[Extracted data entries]
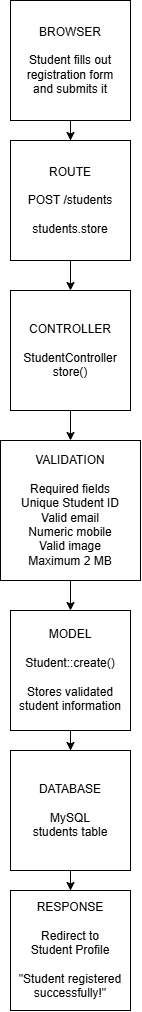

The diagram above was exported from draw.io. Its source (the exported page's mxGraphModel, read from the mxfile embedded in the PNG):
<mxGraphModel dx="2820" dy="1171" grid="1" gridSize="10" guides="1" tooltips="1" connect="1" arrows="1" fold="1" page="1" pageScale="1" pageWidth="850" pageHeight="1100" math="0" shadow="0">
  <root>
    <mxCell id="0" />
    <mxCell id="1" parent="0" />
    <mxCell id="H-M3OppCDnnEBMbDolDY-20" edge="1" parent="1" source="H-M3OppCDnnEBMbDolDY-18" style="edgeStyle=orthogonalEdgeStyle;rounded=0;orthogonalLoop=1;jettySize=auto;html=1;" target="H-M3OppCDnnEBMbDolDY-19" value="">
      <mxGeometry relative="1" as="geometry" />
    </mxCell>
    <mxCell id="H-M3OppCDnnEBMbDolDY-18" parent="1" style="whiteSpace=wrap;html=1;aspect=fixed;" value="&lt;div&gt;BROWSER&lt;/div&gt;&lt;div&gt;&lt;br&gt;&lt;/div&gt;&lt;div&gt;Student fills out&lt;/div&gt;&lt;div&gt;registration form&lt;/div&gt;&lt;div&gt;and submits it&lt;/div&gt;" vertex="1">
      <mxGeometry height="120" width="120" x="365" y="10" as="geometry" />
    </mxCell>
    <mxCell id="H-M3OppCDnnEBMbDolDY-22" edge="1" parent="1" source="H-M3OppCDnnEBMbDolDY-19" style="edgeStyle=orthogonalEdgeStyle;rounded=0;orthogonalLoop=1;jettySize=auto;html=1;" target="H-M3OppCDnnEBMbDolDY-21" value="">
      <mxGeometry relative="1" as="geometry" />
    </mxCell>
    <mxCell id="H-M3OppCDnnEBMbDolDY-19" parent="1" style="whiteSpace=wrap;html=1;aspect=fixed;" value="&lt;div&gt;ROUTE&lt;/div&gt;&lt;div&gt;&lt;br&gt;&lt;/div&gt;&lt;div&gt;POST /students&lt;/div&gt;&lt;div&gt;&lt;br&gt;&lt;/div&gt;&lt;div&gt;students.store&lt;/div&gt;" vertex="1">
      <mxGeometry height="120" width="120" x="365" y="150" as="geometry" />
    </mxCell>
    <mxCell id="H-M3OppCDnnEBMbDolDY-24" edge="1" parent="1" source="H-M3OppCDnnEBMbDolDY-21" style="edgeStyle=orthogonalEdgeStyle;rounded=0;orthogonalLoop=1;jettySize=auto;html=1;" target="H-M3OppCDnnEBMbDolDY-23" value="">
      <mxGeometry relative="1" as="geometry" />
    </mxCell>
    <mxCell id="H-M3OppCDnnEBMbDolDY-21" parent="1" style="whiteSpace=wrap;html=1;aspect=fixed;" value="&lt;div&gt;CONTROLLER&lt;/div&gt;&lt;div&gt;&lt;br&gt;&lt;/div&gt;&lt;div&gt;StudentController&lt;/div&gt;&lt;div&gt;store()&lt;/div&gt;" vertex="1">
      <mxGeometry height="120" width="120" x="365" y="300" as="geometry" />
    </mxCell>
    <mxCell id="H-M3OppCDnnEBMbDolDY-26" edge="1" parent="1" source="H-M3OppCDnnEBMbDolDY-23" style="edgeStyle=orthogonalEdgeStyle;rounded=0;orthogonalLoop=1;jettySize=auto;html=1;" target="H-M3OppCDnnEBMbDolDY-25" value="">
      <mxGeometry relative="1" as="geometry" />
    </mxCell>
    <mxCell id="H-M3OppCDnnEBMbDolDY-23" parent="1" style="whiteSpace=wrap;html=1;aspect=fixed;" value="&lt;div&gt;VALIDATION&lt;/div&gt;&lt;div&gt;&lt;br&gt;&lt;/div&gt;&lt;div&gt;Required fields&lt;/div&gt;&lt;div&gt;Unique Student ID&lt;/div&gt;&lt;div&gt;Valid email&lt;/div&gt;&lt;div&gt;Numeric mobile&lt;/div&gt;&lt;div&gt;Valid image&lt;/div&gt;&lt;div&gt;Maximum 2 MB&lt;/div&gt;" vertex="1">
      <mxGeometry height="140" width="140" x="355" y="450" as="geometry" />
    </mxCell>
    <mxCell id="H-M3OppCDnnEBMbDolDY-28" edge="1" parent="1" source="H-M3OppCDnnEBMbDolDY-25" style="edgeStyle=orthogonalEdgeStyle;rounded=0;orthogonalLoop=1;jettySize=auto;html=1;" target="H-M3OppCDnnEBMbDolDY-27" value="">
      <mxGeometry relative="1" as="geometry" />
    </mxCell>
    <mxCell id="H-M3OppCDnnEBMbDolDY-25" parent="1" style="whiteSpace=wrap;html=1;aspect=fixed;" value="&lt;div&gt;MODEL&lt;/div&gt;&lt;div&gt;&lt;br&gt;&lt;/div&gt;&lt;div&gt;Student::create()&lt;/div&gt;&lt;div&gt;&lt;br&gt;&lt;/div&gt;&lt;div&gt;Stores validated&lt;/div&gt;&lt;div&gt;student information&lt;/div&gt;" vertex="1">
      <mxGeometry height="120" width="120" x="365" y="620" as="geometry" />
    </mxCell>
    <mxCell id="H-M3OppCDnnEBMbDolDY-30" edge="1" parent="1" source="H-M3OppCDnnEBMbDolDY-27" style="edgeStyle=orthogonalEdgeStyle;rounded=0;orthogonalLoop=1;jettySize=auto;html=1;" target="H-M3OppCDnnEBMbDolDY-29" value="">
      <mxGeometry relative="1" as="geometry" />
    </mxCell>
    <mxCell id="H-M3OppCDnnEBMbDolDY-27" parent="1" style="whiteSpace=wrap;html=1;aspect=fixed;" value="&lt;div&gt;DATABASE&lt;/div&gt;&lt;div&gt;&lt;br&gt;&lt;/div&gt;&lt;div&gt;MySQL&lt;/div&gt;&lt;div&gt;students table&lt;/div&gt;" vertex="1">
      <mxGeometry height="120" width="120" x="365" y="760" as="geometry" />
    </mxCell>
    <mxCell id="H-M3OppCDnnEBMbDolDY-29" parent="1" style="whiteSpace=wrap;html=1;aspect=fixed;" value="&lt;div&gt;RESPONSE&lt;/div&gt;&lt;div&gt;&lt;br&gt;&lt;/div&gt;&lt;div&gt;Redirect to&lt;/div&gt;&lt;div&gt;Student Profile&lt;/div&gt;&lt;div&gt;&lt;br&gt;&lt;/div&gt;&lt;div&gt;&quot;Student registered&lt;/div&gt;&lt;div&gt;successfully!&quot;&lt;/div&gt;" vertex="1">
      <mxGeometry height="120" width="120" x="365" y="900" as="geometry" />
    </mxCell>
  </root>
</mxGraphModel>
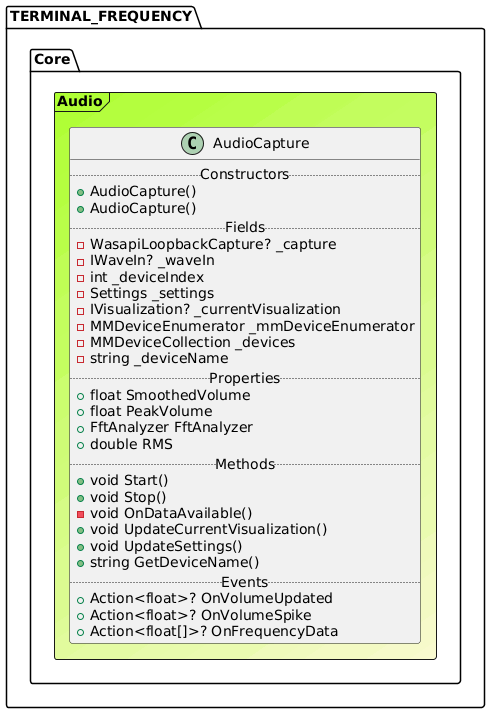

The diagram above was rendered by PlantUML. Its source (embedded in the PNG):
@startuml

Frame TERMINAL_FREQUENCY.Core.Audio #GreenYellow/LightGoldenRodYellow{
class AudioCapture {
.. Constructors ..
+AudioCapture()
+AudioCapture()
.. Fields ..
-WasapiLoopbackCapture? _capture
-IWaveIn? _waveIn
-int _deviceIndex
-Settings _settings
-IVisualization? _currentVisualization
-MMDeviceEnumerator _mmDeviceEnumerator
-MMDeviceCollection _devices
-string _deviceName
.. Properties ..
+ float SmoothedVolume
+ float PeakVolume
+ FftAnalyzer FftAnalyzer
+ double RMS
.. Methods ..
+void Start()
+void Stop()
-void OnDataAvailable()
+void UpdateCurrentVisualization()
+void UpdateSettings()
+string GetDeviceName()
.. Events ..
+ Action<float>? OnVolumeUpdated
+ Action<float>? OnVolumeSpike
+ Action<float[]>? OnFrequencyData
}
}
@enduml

» **PROMPT**
Images aside, return each entry above precisely as it stands.

» **TASK ANSWER**
The diagram above was exported from draw.io. Its source (the exported page's mxGraphModel, read from the mxfile embedded in the PNG):
<mxGraphModel dx="2820" dy="1171" grid="1" gridSize="10" guides="1" tooltips="1" connect="1" arrows="1" fold="1" page="1" pageScale="1" pageWidth="850" pageHeight="1100" math="0" shadow="0">
  <root>
    <mxCell id="0" />
    <mxCell id="1" parent="0" />
    <mxCell id="H-M3OppCDnnEBMbDolDY-20" edge="1" parent="1" source="H-M3OppCDnnEBMbDolDY-18" style="edgeStyle=orthogonalEdgeStyle;rounded=0;orthogonalLoop=1;jettySize=auto;html=1;" target="H-M3OppCDnnEBMbDolDY-19" value="">
      <mxGeometry relative="1" as="geometry" />
    </mxCell>
    <mxCell id="H-M3OppCDnnEBMbDolDY-18" parent="1" style="whiteSpace=wrap;html=1;aspect=fixed;" value="&lt;div&gt;BROWSER&lt;/div&gt;&lt;div&gt;&lt;br&gt;&lt;/div&gt;&lt;div&gt;Student fills out&lt;/div&gt;&lt;div&gt;registration form&lt;/div&gt;&lt;div&gt;and submits it&lt;/div&gt;" vertex="1">
      <mxGeometry height="120" width="120" x="365" y="10" as="geometry" />
    </mxCell>
    <mxCell id="H-M3OppCDnnEBMbDolDY-22" edge="1" parent="1" source="H-M3OppCDnnEBMbDolDY-19" style="edgeStyle=orthogonalEdgeStyle;rounded=0;orthogonalLoop=1;jettySize=auto;html=1;" target="H-M3OppCDnnEBMbDolDY-21" value="">
      <mxGeometry relative="1" as="geometry" />
    </mxCell>
    <mxCell id="H-M3OppCDnnEBMbDolDY-19" parent="1" style="whiteSpace=wrap;html=1;aspect=fixed;" value="&lt;div&gt;ROUTE&lt;/div&gt;&lt;div&gt;&lt;br&gt;&lt;/div&gt;&lt;div&gt;POST /students&lt;/div&gt;&lt;div&gt;&lt;br&gt;&lt;/div&gt;&lt;div&gt;students.store&lt;/div&gt;" vertex="1">
      <mxGeometry height="120" width="120" x="365" y="150" as="geometry" />
    </mxCell>
    <mxCell id="H-M3OppCDnnEBMbDolDY-24" edge="1" parent="1" source="H-M3OppCDnnEBMbDolDY-21" style="edgeStyle=orthogonalEdgeStyle;rounded=0;orthogonalLoop=1;jettySize=auto;html=1;" target="H-M3OppCDnnEBMbDolDY-23" value="">
      <mxGeometry relative="1" as="geometry" />
    </mxCell>
    <mxCell id="H-M3OppCDnnEBMbDolDY-21" parent="1" style="whiteSpace=wrap;html=1;aspect=fixed;" value="&lt;div&gt;CONTROLLER&lt;/div&gt;&lt;div&gt;&lt;br&gt;&lt;/div&gt;&lt;div&gt;StudentController&lt;/div&gt;&lt;div&gt;store()&lt;/div&gt;" vertex="1">
      <mxGeometry height="120" width="120" x="365" y="300" as="geometry" />
    </mxCell>
    <mxCell id="H-M3OppCDnnEBMbDolDY-26" edge="1" parent="1" source="H-M3OppCDnnEBMbDolDY-23" style="edgeStyle=orthogonalEdgeStyle;rounded=0;orthogonalLoop=1;jettySize=auto;html=1;" target="H-M3OppCDnnEBMbDolDY-25" value="">
      <mxGeometry relative="1" as="geometry" />
    </mxCell>
    <mxCell id="H-M3OppCDnnEBMbDolDY-23" parent="1" style="whiteSpace=wrap;html=1;aspect=fixed;" value="&lt;div&gt;VALIDATION&lt;/div&gt;&lt;div&gt;&lt;br&gt;&lt;/div&gt;&lt;div&gt;Required fields&lt;/div&gt;&lt;div&gt;Unique Student ID&lt;/div&gt;&lt;div&gt;Valid email&lt;/div&gt;&lt;div&gt;Numeric mobile&lt;/div&gt;&lt;div&gt;Valid image&lt;/div&gt;&lt;div&gt;Maximum 2 MB&lt;/div&gt;" vertex="1">
      <mxGeometry height="140" width="140" x="355" y="450" as="geometry" />
    </mxCell>
    <mxCell id="H-M3OppCDnnEBMbDolDY-28" edge="1" parent="1" source="H-M3OppCDnnEBMbDolDY-25" style="edgeStyle=orthogonalEdgeStyle;rounded=0;orthogonalLoop=1;jettySize=auto;html=1;" target="H-M3OppCDnnEBMbDolDY-27" value="">
      <mxGeometry relative="1" as="geometry" />
    </mxCell>
    <mxCell id="H-M3OppCDnnEBMbDolDY-25" parent="1" style="whiteSpace=wrap;html=1;aspect=fixed;" value="&lt;div&gt;MODEL&lt;/div&gt;&lt;div&gt;&lt;br&gt;&lt;/div&gt;&lt;div&gt;Student::create()&lt;/div&gt;&lt;div&gt;&lt;br&gt;&lt;/div&gt;&lt;div&gt;Stores validated&lt;/div&gt;&lt;div&gt;student information&lt;/div&gt;" vertex="1">
      <mxGeometry height="120" width="120" x="365" y="620" as="geometry" />
    </mxCell>
    <mxCell id="H-M3OppCDnnEBMbDolDY-30" edge="1" parent="1" source="H-M3OppCDnnEBMbDolDY-27" style="edgeStyle=orthogonalEdgeStyle;rounded=0;orthogonalLoop=1;jettySize=auto;html=1;" target="H-M3OppCDnnEBMbDolDY-29" value="">
      <mxGeometry relative="1" as="geometry" />
    </mxCell>
    <mxCell id="H-M3OppCDnnEBMbDolDY-27" parent="1" style="whiteSpace=wrap;html=1;aspect=fixed;" value="&lt;div&gt;DATABASE&lt;/div&gt;&lt;div&gt;&lt;br&gt;&lt;/div&gt;&lt;div&gt;MySQL&lt;/div&gt;&lt;div&gt;students table&lt;/div&gt;" vertex="1">
      <mxGeometry height="120" width="120" x="365" y="760" as="geometry" />
    </mxCell>
    <mxCell id="H-M3OppCDnnEBMbDolDY-29" parent="1" style="whiteSpace=wrap;html=1;aspect=fixed;" value="&lt;div&gt;RESPONSE&lt;/div&gt;&lt;div&gt;&lt;br&gt;&lt;/div&gt;&lt;div&gt;Redirect to&lt;/div&gt;&lt;div&gt;Student Profile&lt;/div&gt;&lt;div&gt;&lt;br&gt;&lt;/div&gt;&lt;div&gt;&quot;Student registered&lt;/div&gt;&lt;div&gt;successfully!&quot;&lt;/div&gt;" vertex="1">
      <mxGeometry height="120" width="120" x="365" y="900" as="geometry" />
    </mxCell>
  </root>
</mxGraphModel>

The diagram above was rendered by PlantUML. Its source (embedded in the PNG):
@startuml

Frame TERMINAL_FREQUENCY.Core.Audio #GreenYellow/LightGoldenRodYellow{
class AudioCapture {
.. Constructors ..
+AudioCapture()
+AudioCapture()
.. Fields ..
-WasapiLoopbackCapture? _capture
-IWaveIn? _waveIn
-int _deviceIndex
-Settings _settings
-IVisualization? _currentVisualization
-MMDeviceEnumerator _mmDeviceEnumerator
-MMDeviceCollection _devices
-string _deviceName
.. Properties ..
+ float SmoothedVolume
+ float PeakVolume
+ FftAnalyzer FftAnalyzer
+ double RMS
.. Methods ..
+void Start()
+void Stop()
-void OnDataAvailable()
+void UpdateCurrentVisualization()
+void UpdateSettings()
+string GetDeviceName()
.. Events ..
+ Action<float>? OnVolumeUpdated
+ Action<float>? OnVolumeSpike
+ Action<float[]>? OnFrequencyData
}
}
@enduml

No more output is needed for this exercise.